|Nov. 13th, 2008 08:53 am McDougall Program Day 12, and wrap-up|
Morning weights: Julie 140 1/2, Ziggy 190Make notes
Julie breakfast: Oatmeal with banana, applesauce, and almond milk; herbal tea with sugar and almond milk
Ziggy brunch: Cereal with almond milk; whole-wheat toast and jam; 1/2 grapefruit
Julie lunch: Cilantro-potato soup; whole-wheat bread
Julie snacks: 1/2 grapefruit; hot cocoa; ginger-ale
Ziggy snacks: Hot cocoa; ginger-ale
Dinner for both: Vegetable pie
Julie exercise: Approx 45 min walking
Ziggy exercise: Approx 35 min walking
Feelings: I felt good on the last day of the formal diet. My energy level didn't dip too much throughout the day. I wanted to make something special for dinner, so I cheated a bit and used cashews in the pie crust, but the meal was still oil-free and full of healthy vegetables - and extremely tasty to boot. We went out to a concert in the evening and managed to avoid ordering any alcoholic drinks or fattening snacks, having only a ginger-ale for each of us.
I lost an additional 1/2 pound yesterday, bringing the total weight loss for the 12 days to five pounds for me and four for Ziggy - a perfectly respectable amount. Nearly all of my weight loss was in the first week, however, which indicates I've reached a plateau. In order to lose any more weight, I'll have to engage in more vigorous exercise, as I'm not willing to cut my calorie intake any further. Jogging and weightlifting have been successful for me in the past; I definitely have the time to do both now, so it's just matter of discipline whether I'll actually do it or not. My BMI of 24 is within the acceptable range for my height (5' 4"), so losing additional weight is more of a preference to be slimmer than a health issue at this point.

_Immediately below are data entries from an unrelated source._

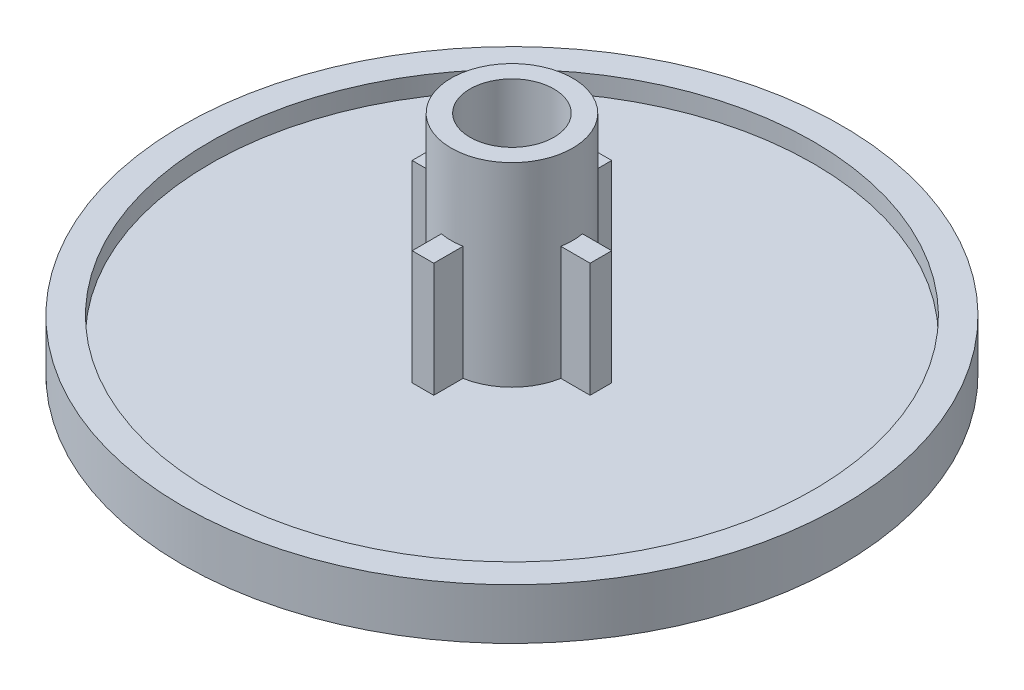
SolidWorks part; units mm, degrees
material "ABS"
ref_plane "Front Plane" through (0, 0, 0) normal (0, 0, 1) x (1, 0, 0)
ref_plane "Top Plane" through (0, 0, 0) normal (0, 1, 0) x (1, 0, 0)
ref_plane "Right Plane" through (0, 0, 0) normal (1, 0, 0) x (0, 0, -1)
sketch "Sketch1" plane through (0, 0, 0) normal (0, 1, 0) x (1, 0, 0)
  circle A0 centre (0, 0) radius 13.1699
  dimension "D1" = 26.3398
extrude "Boss-Extrude1" add sketch "Sketch1" along normal blind 1.27
sketch "Sketch2" plane through (0, 1.27, 0) normal (0, 1, 0) x (1, 0, 0)
  circle A0 centre (0, 0) radius 12.0523
  circle A1 centre (0, 0) radius 13.1699 construction
  circle A3 centre (0, 0) radius 13.1699
  circle A4 centre (0, 0) radius 13.1699
  dimension "D1" = 1.1176
  dimension "D2" = 0
extrude "Boss-Extrude2" add sketch "Sketch2" along normal blind 0.762
sketch "Sketch3" plane through (0, 1.27, 0) normal (0, 1, 0) x (1, 0, 0)
  circle A0 centre (0, 0) radius 2.4257
  dimension "D1" = 4.8514
extrude "Boss-Extrude3" add sketch "Sketch3" along normal blind 7.7724
sketch "Sketch6" plane through (0, 0, 0) normal (0, 0, 1) x (1, 0, 0)
  line L0 (13.1699, 2.032) -> (-13.1699, 2.032) construction
  line L1 (-3.556, 0) -> (3.556, 0)
  line L2 (-3.556, 0) -> (-3.556, 5.842)
  line L3 (-3.556, 5.842) -> (3.556, 5.842)
  line L4 (3.556, 0) -> (3.556, 5.842)
  line L5 (-3.556, 0) -> (3.556, 5.842) construction
  line L6 (-3.556, 5.842) -> (3.556, 0) construction
  line L7 (-13.1699, 0) -> (13.1699, 0) construction
  point P4 (0, 2.921)
  dimension "D1" = 7.112
  dimension "D2" = 3.81
extrude "Boss-Extrude4" add sketch "Sketch6" along normal mid plane 0.8636
sketch "Sketch7" plane through (0, 0, 0) normal (1, 0, 0) x (0, 0, -1)
  line L0 (-13.1699, 0) -> (13.1699, 0) construction
  line L1 (-3.556, 0) -> (3.556, 0)
  line L2 (-3.556, 0) -> (-3.556, 5.842)
  line L3 (-3.556, 5.842) -> (3.556, 5.842)
  line L4 (3.556, 0) -> (3.556, 5.842)
  line L5 (-3.556, 0) -> (3.556, 5.842) construction
  line L6 (-3.556, 5.842) -> (3.556, 0) construction
  line L7 (-0.4318, 5.842) -> (0.4318, 5.842) construction
  point P4 (0, 2.921)
  dimension "D1" = 7.112
extrude "Boss-Extrude5" add sketch "Sketch7" along normal mid plane 0.8636
sketch "Sketch4" plane through (0, 9.0424, 0) normal (0, 1, 0) x (1, 0, 0)
  circle A0 centre (0, 0) radius 1.6764
  dimension "D1" = 3.3528
extrude "Cut-Extrude1" cut sketch "Sketch4" against normal up to surface (7.7724 mm away) up to face at (0, 1.27, 12.0523)

As far as which restrictions from the 12 day diet to keep, I'll take these individually:
Animal products: I've aspired to be vegan for as long as I've been a vegetarian (nearly 17 years), and we have been successful at keeping a vegan kitchen at home for the last five years, so avoiding dairy and eggs is almost entirely an issue of discipline and convenience when eating out. (I have absolutely no desire to eat animal flesh, including fish.) As I'm trying to dine out less for financial reasons anyway, hopefully there will be less temptation.
Oil: I have many oil-free recipes and don't have a problem cooking this way at home. Avoiding meals of bread slathered with Earth Balance will be easier now that I don't come home exhausted from work every day. When eating out, however, some oil will be unavoidable, as it will be difficult enough just to get vegan meals at many restaurants.
High-fat plant products (tofu, nuts, seeds, avocado, etc.): I do plan to go back to eating these in some quantity; even McDougall recipes have them, though it's emphasized they should be limited to treats. Hopefully I won't go overboard; additional exercise should help compensate in that regard.
Refined flour products: Easy enough to avoid when cooking at home, but not completely avoidable when eating out. A little white flour and white rice won't hurt, as long as they don't become staples of my diet.
Caffeine: I'm actually finding I prefer the rooibos and herbal teas to my usual Irish Breakfast blend, so I think I'll stick to primarily caffeine-free beverages. I may have an occasional chai latte when eating out though.
Alcohol: I've never liked alcoholic beverages enough to drink much of them, and I don't see a need to avoid them completely. I'll have my usual fuzzy navel when I sing karaoke, and I might put a shot of schnapps or amaretto in my hot cocoa, but I'll not make alcohol a daily part of my diet.
Overall I'm very pleased with this diet. I liked having a goal and sticking to it quite closely, and rediscovered the joy of cooking. I hope that Ziggy and I will continue to reap the benefits of healthy diet and exercise for years to come.